[Records contained in a dataset]
------------------------
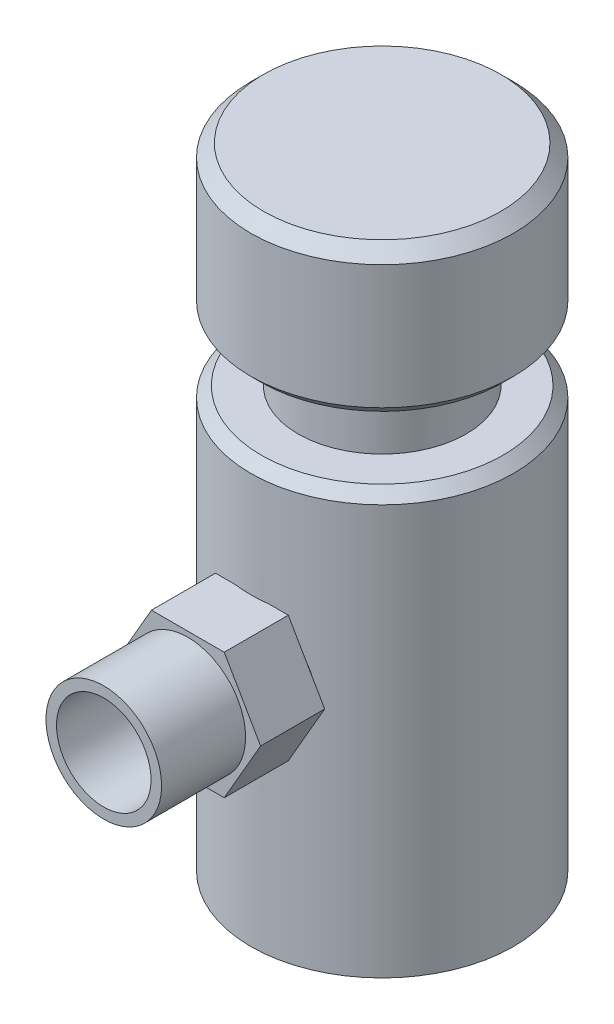
SolidWorks part; units mm, degrees
material "7075-T6 (SN)"
ref_plane "Front Plane" through (0, 0, 0) normal (0, 0, 1) x (1, 0, 0)
ref_plane "Top Plane" through (0, 0, 0) normal (0, 1, 0) x (1, 0, 0)
ref_plane "Right Plane" through (0, 0, 0) normal (1, 0, 0) x (0, 0, -1)
sketch "Sketch1" plane through (0, 0, 0) normal (0, 0, 1) x (1, 0, 0)
  line L0 (0, 17.6751) -> (0, -20.8509) construction
  line L1 (0, -44.7747) -> (12.5, -44.7747)
  line L2 (12.5, -44.7747) -> (12.5, -5.7747)
  line L5 (8, -4.7747) -> (8, 1.2253)
  line L6 (8, 1.2253) -> (11.5, 1.2253)
  line L7 (11.5, 1.2253) -> (12.5, 2.2253)
  line L8 (12.5, 2.2253) -> (12.5, 14.0202)
  line L9 (12.5, 14.0202) -> (11.2949, 15.2253)
  line L10 (11.2949, 15.2253) -> (0, 15.2253)
  line L11 (0, 15.2253) -> (0, -44.7747)
  line L12 (12.5, -5.7747) -> (11.5, -4.7747)
  line L13 (11.5, -4.7747) -> (8, -4.7747)
  dimension "D1" = 12.5
  dimension "D2" = 12.5
  dimension "D3" = 6
  dimension "D4" = 60
  dimension "D5" = 45
  dimension "D6" = 225
  dimension "D7" = 40
  dimension "D8" = 1
  dimension "D9" = 8
  dimension "D10" = 3.5
revolve "Revolve1" add sketch "Sketch1" angle 360 about L0
hole_wizard "M20x2.0 Tapped Hole1" positions "Sketch4" profile "Sketch3" tap size "M20x2.0" standard "ANSI Metric"
sketch "Sketch4" plane through (0, -44.7747, 0) normal (0, -1, 0) x (-1, 0, 0)
  point P0 (0, 0)
sketch "Sketch3" plane through (0, -44.7747, 0) normal (1, 0, 0) x (0, 0, -1)
  line L0 (0, 0) -> (0, 21.4077)
  line L1 (0, 21.4077) -> (9, 16)
  line L2 (9, 16) -> (9, 0)
  line L5 (9, 0) -> (0, 0)
  line L10 (0, 21.4077) -> (-9, 16) construction
  line L11 (0, -6.35) -> (0, 107.95) construction
  dimension "Tap Drill Dia." = 18
  dimension "Tap Drill Depth" = 16
  dimension "Drill Angle" = 118
cosmetic thread "Hole Thread1" parameters "D1"=14, "D2"=20
sketch "Sketch5" plane through (0, 0, 0) normal (0, 0, 1) x (1, 0, 0)
  line L0 (0, 24.2029) -> (0, -55.0809) construction
  line L1 (-32.0142, -21.7747) -> (38.5159, -21.7747) construction
  line L2 (-12.5, -44.7747) -> (12.5, -44.7747) construction
  circle A0 centre (0, -21.7747) radius 5
  dimension "D2" = 10
  dimension "D1" = 23
extrude "Cut-Extrude1" cut sketch "Sketch5" against normal blind 10 from offset 12.5
ref_plane "Plane1" through (0, 0, 12.5) normal (0, 0, 1) x (1, 0, 0)
sketch "Sketch6" plane through (0, 0, 12.5) normal (0, 0, 1) x (1, 0, 0)
  circle A0 centre (0, -21.7747) radius 5
extrude "Boss-Extrude1" add sketch "Sketch6" against normal blind 2
sketch "Sketch7" plane through (0, 0, 12.5) normal (0, 0, 1) x (1, 0, 0)
  line L1 (6.9282, -21.7747) -> (3.4641, -15.7747)
  line L2 (3.4641, -15.7747) -> (-3.4641, -15.7747)
  line L3 (-3.4641, -15.7747) -> (-6.9282, -21.7747)
  line L4 (-6.9282, -21.7747) -> (-3.4641, -27.7747)
  line L5 (-3.4641, -27.7747) -> (3.4641, -27.7747)
  line L6 (3.4641, -27.7747) -> (6.9282, -21.7747)
  circle A0 centre (0, -21.7747) radius 6 construction
  arc A1 (0, -16.7747) -> (0, -26.7747) centre (0, -21.7747) ccw construction
  dimension "D1" = 1
extrude "Boss-Extrude2" add sketch "Sketch7" along normal blind 6 and the other way blind 0.1 separate body
sketch "Sketch8" plane through (0, 0, 18.5) normal (0, 0, 1) x (1, 0, 0)
  circle A0 centre (0, -21.7747) radius 5.5
  dimension "D1" = 11
extrude "Boss-Extrude3" add sketch "Sketch8" along normal blind 8
sketch "Sketch9" plane through (0, 0, 26.5) normal (0, 0, 1) x (1, 0, 0)
  circle A0 centre (0, -21.7747) radius 4.5
  circle A1 centre (0, -21.7747) radius 5.5 construction
  dimension "D1" = 1
extrude "Cut-Extrude2" cut sketch "Sketch9" against normal blind 25
------------------------
Identify each line in the records above that contains the word "extrude", and copy it out in full.

> WRITTEN REPLY
extrude "Cut-Extrude1" cut sketch "Sketch5" against normal blind 10 from offset 12.5
extrude "Boss-Extrude1" add sketch "Sketch6" against normal blind 2
extrude "Boss-Extrude2" add sketch "Sketch7" along normal blind 6 and the other way blind 0.1 separate body
extrude "Boss-Extrude3" add sketch "Sketch8" along normal blind 8
extrude "Cut-Extrude2" cut sketch "Sketch9" against normal blind 25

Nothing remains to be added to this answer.